Twitter has begun sending users a weekly e-mail digest of the "most relevant" tweets and stories shared by the people they follow.

The introduction of the feature comes a few months after Twitter acquired Summify, a startup that gathered news from a user's various social networks and compiled it in daily e-mails. The Summify team moved from Vancouver to Twitter's headquarters in San Francisco.

In a blog post today, Twitter said stories in the e-mail are presented much like they are under the Discover tab on the Twitter site. That is, there's a headline, a summary, and then a row of thumbnails that shows who tweeted the story. Users can click the headline to read the story, check out related tweets from the people they follow, and click a link in the e-mail to tweet the piece themselves.
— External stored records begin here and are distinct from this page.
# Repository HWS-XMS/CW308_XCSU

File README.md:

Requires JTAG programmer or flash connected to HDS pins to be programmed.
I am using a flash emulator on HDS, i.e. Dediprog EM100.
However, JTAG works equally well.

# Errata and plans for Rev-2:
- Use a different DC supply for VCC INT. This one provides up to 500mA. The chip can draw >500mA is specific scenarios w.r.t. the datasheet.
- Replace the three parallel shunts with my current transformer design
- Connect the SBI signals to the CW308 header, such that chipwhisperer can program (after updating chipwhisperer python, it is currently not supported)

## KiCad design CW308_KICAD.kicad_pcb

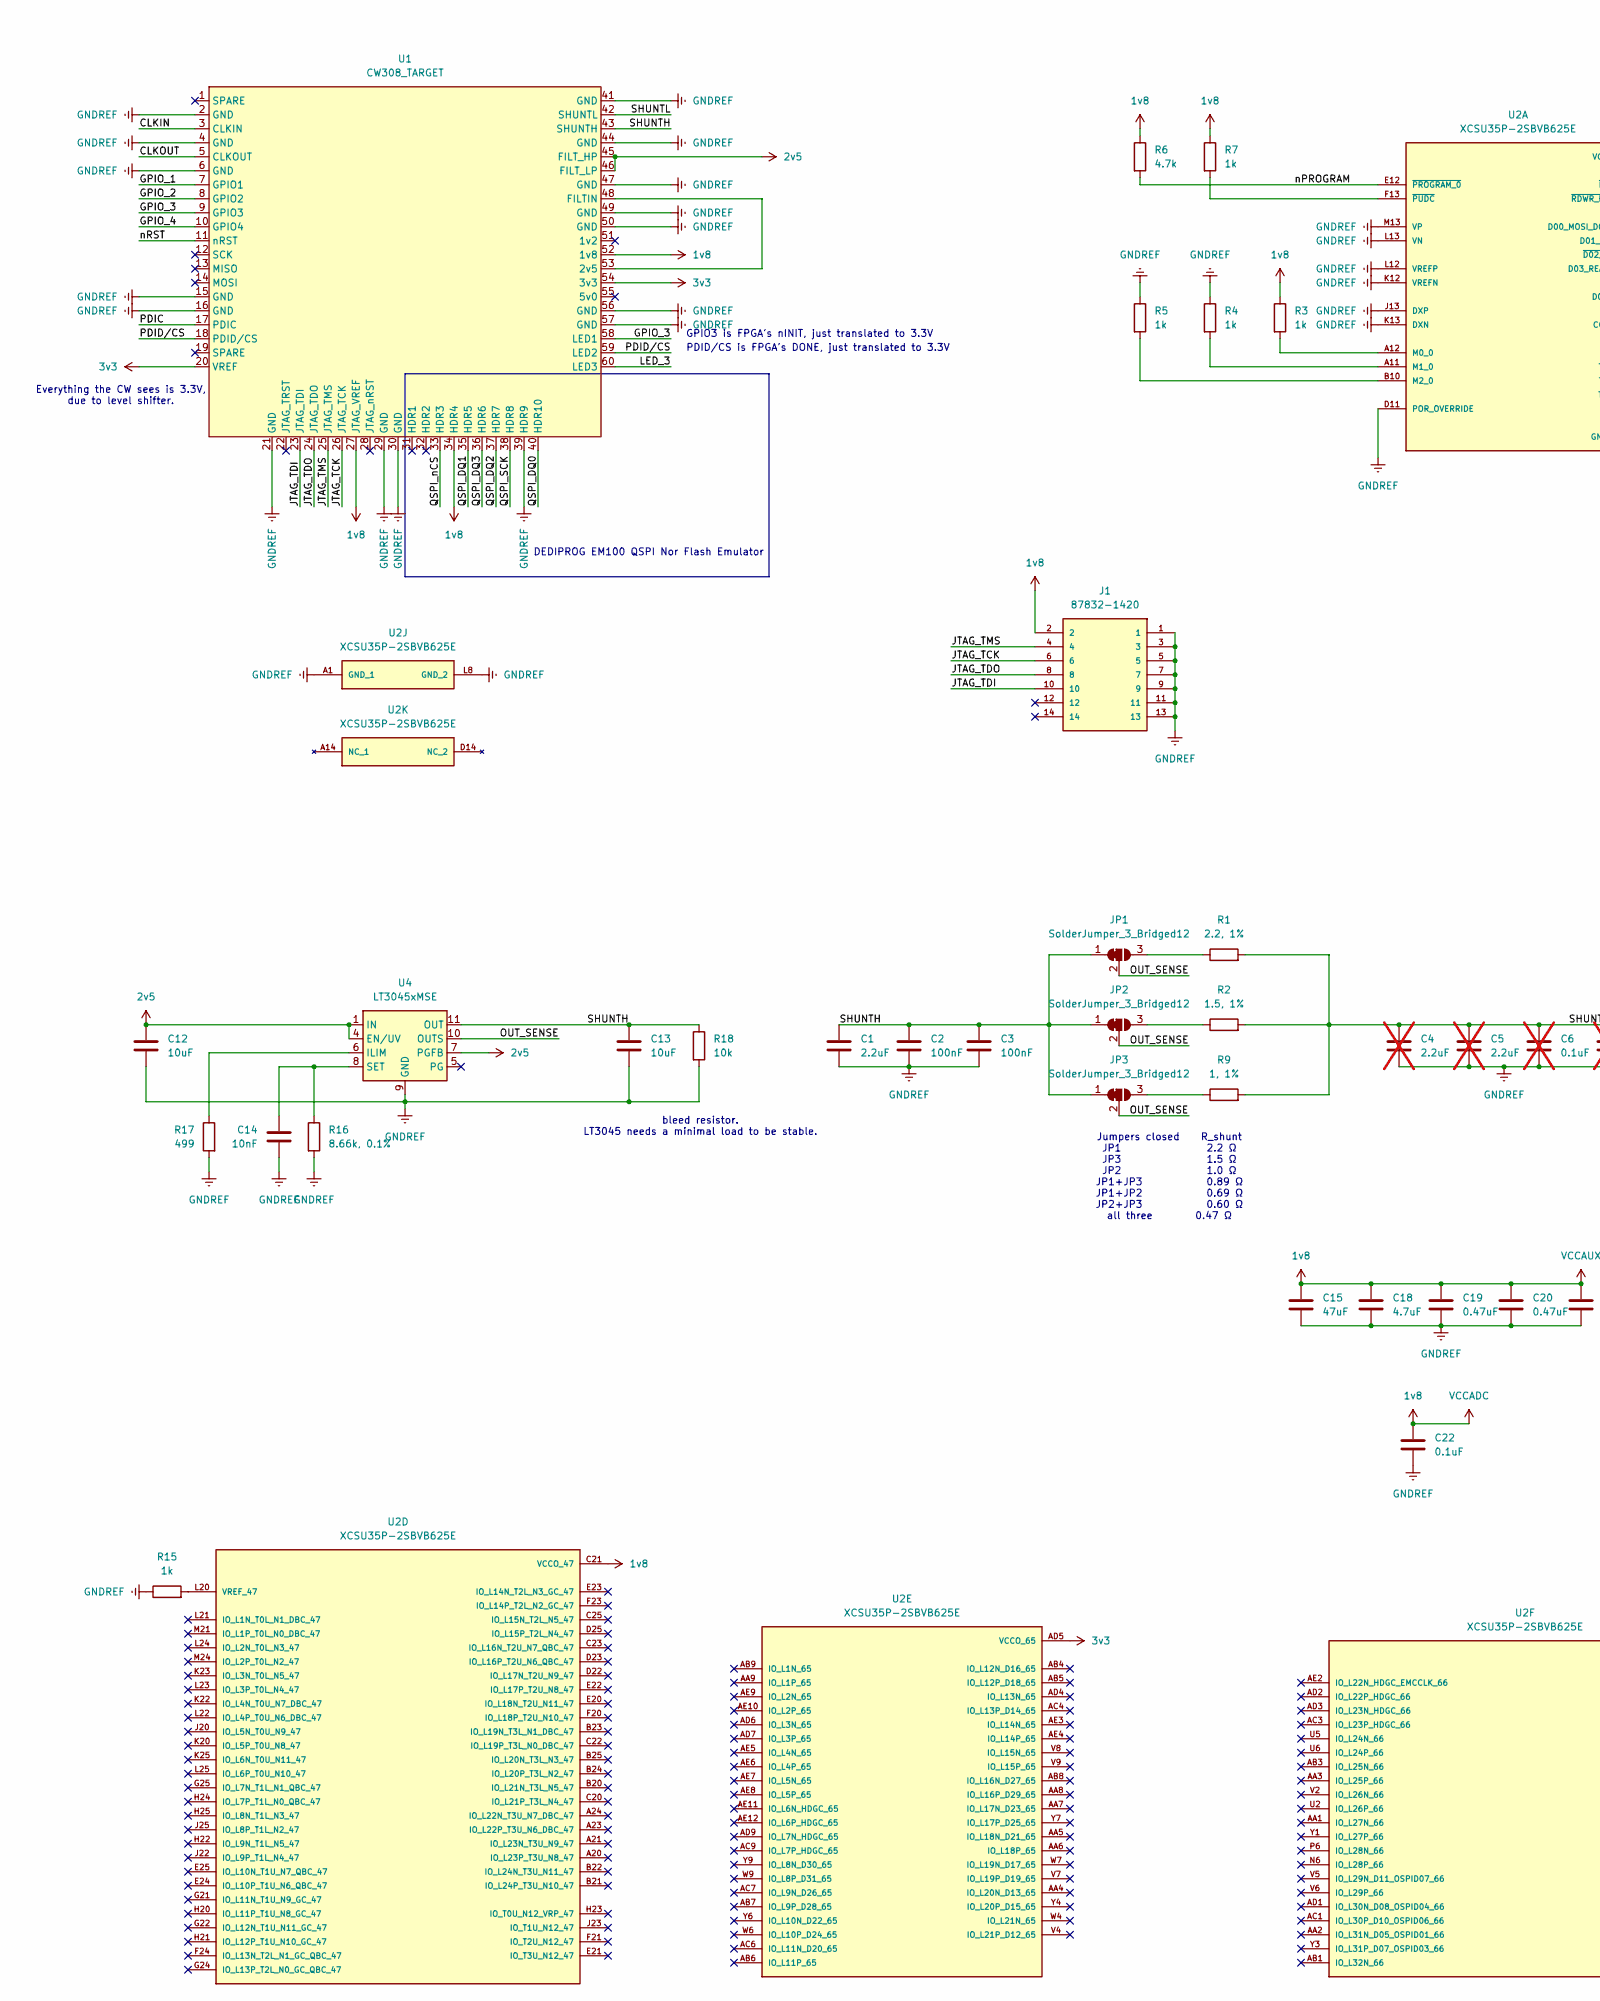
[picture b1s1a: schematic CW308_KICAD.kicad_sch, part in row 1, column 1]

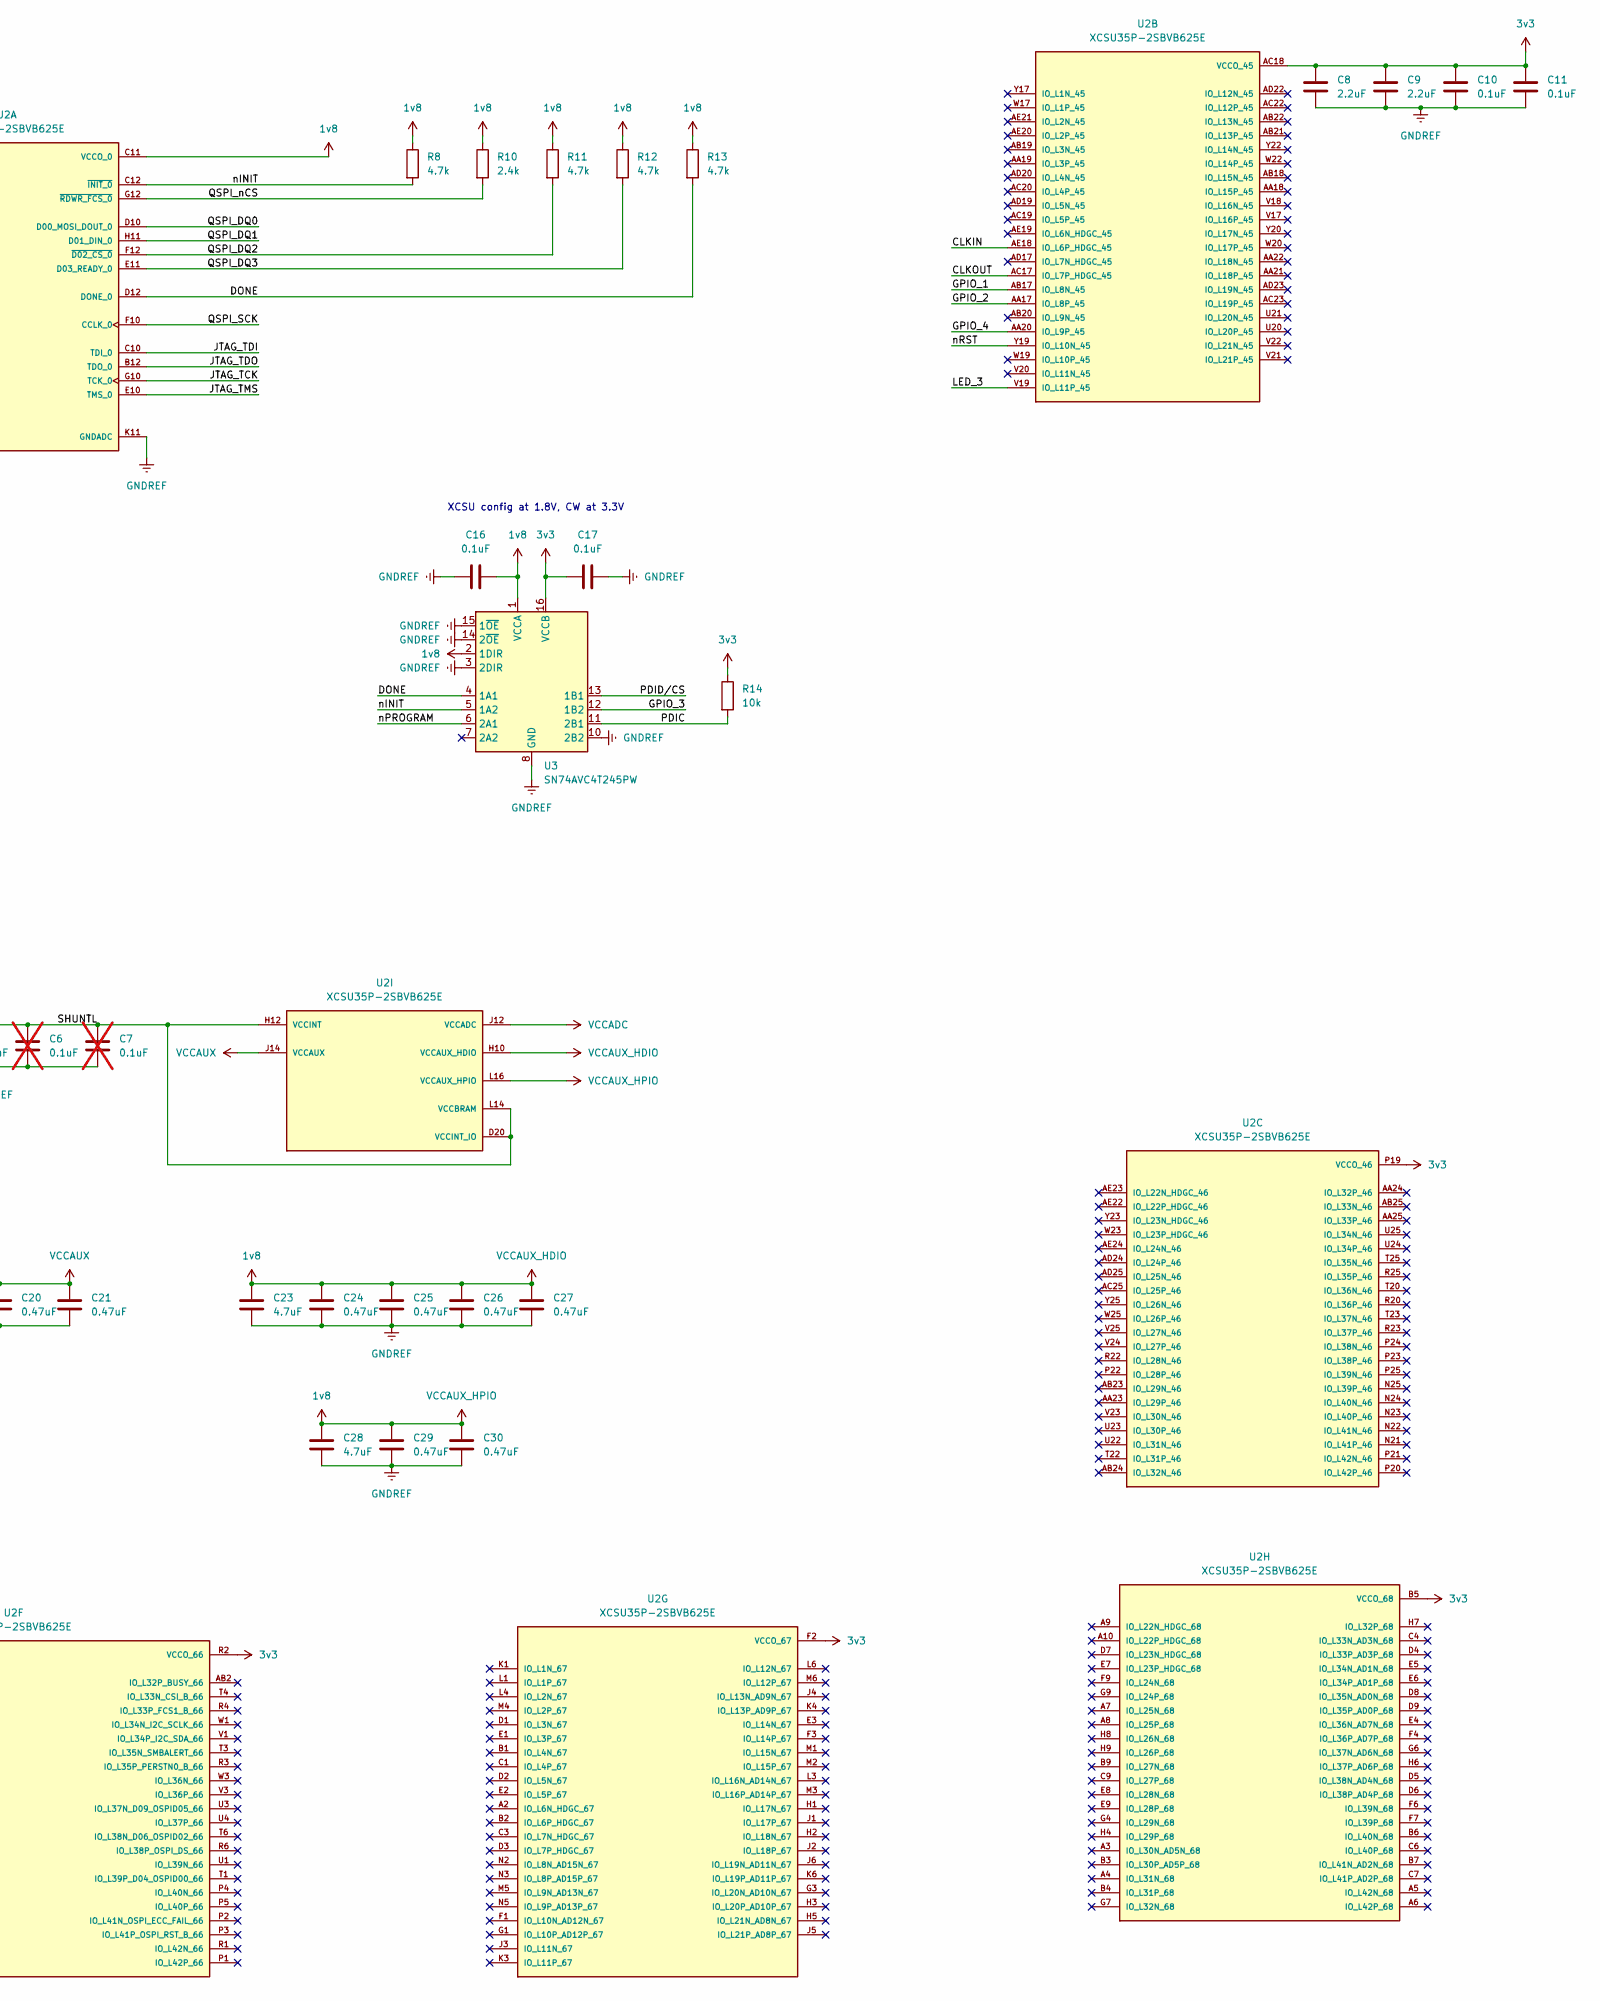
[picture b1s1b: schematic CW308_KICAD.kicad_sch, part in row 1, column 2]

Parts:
C1, C8, C9: 2.2uF; C_0603_1608Metric
C2, C3: 100nF; C_0402_1005Metric
C4, C5: 2.2uF; C_0603_1608Metric; not fitted
C6, C7: 0.1uF; C_0402_1005Metric; not fitted
C10, C11, C16, C17, C22: 0.1uF; C_0402_1005Metric
C12, C13: 10uF; C_0805_2012Metric
C14: 10nF; C_0402_1005Metric
C15: 47uF; C_1206_3216Metric
C18, C23, C28: 4.7uF; C_0603_1608Metric
C19, C20, C21, C24, C25, C26, C27, C29, C30: 0.47uF; C_0402_1005Metric
J1: 87832-1420; MOLEX_87832-1420
JP1, JP2, JP3: SolderJumper_3_Bridged12; SolderJumper-3_P1.3mm_Bridged12_RoundedPad1.0x1.5mm
R1: 2.2, 1%; R_2512_6332Metric
R2: 1.5, 1%; R_2512_6332Metric
R3, R4, R5, R7, R15: 1k; R_0402_1005Metric
R6, R8, R11, R12, R13: 4.7k; R_0402_1005Metric
R9: 1, 1%; R_2512_6332Metric
R10: 2.4k; R_0402_1005Metric
R14: 10k; R_0402_1005Metric
R16: 8.66k, 0.1%; R_0402_1005Metric
R17: 499; R_0402_1005Metric
R18: 10k; R_0805_2012Metric
U1: CW308_TARGET
U2: XCSU35P-2SBVB625E; BGA625C80P25X25_2100X2100X192; PARTREV v4.10
U3: SN74AVC4T245PW; TSSOP-16_4.4x5mm_P0.65mm
U4: LT3045xMSE; MSOP-12-1EP_3x4.039mm_P0.65mm_EP1.651x2.845mm

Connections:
1v8: C15.1, C16.2, C18.1, C19.1, C20.1, C21.1, C22.1, C23.1, C24.1, C25.1, C26.1, C27.1, C28.1, C29.1, C30.1, J1.2, R3.1, R6.1, R7.1, R8.1, R10.1, R11.1, R12.1, R13.1, U1.27 (JTAG_VREF), U1.34 (HDR4), U1.52 (1v8), U2.C11 (VCCO_0), U2.C21 (VCCO_47), U2.D24 (VCCO_47), U2.G11 (VCCO_0), U2.H10 (VCCAUX_HDIO), U2.J10 (VCCAUX_HDIO), U2.J12 (VCCADC), U2.J14 (VCCAUX), U2.J17 (VCCAUX_HDIO), U2.J18 (VCCAUX_HDIO), U2.K8 (VCCAUX_HDIO), U2.K9 (VCCAUX_HDIO), U2.K21 (VCCO_47), U2.K24 (VCCO_47), U2.L16 (VCCAUX_HPIO), U2.L18 (VCCO_47), U2.M11 (VCCAUX), U2.M19 (VCCAUX_HPIO), U2.M22 (VCCAUX_HPIO), U2.N7 (VCCAUX_HDIO), U2.N11 (VCCAUX), U2.N12 (VCCO_0), U2.N14 (VCCAUX), U2.N16 (VCCAUX_HDIO), U2.N18 (VCCAUX_HDIO), U2.N20 (VCCAUX_HPIO), U2.P15 (VCCAUX), U2.R11 (VCCAUX), U2.R14 (VCCAUX), U2.R18 (VCCAUX_HDIO), U2.T8 (VCCAUX_HDIO), U2.T9 (VCCAUX_HDIO), U2.T15 (VCCAUX), U2.T18 (VCCAUX_HDIO), U2.U10 (VCCAUX_HDIO), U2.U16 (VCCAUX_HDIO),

Tweets are displayed as they are on Twitter, and the e-mail includes tweets that captured the imagination of those a user follows, even if the user doesn't follow the person who actually sent the tweet. You can see who among your followees retweeted or favorited those tweets, and retweet, favorite, reply to, or read the chatter around them yourself as well.

"We're rolling out this new e-mail to everyone over the next few weeks, so keep checking your inbox for new messages from Twitter," Othman Laraki, Twitter's director of Growth and International, wrote in the blog post. "Like other Twitter e-mail notifications, you can manage your preferences for this new digest in your notification settings."

Earlier this month, on the day the Discovery tab was announced, Twitter CEO Dick Costolo confirmed that "onboarding" new users was a continuing challenge, saying it's difficult to show them the benefit of the platform. "We need to make it super simple and dead easy for both our existing users and users new to the platform," he said at the time.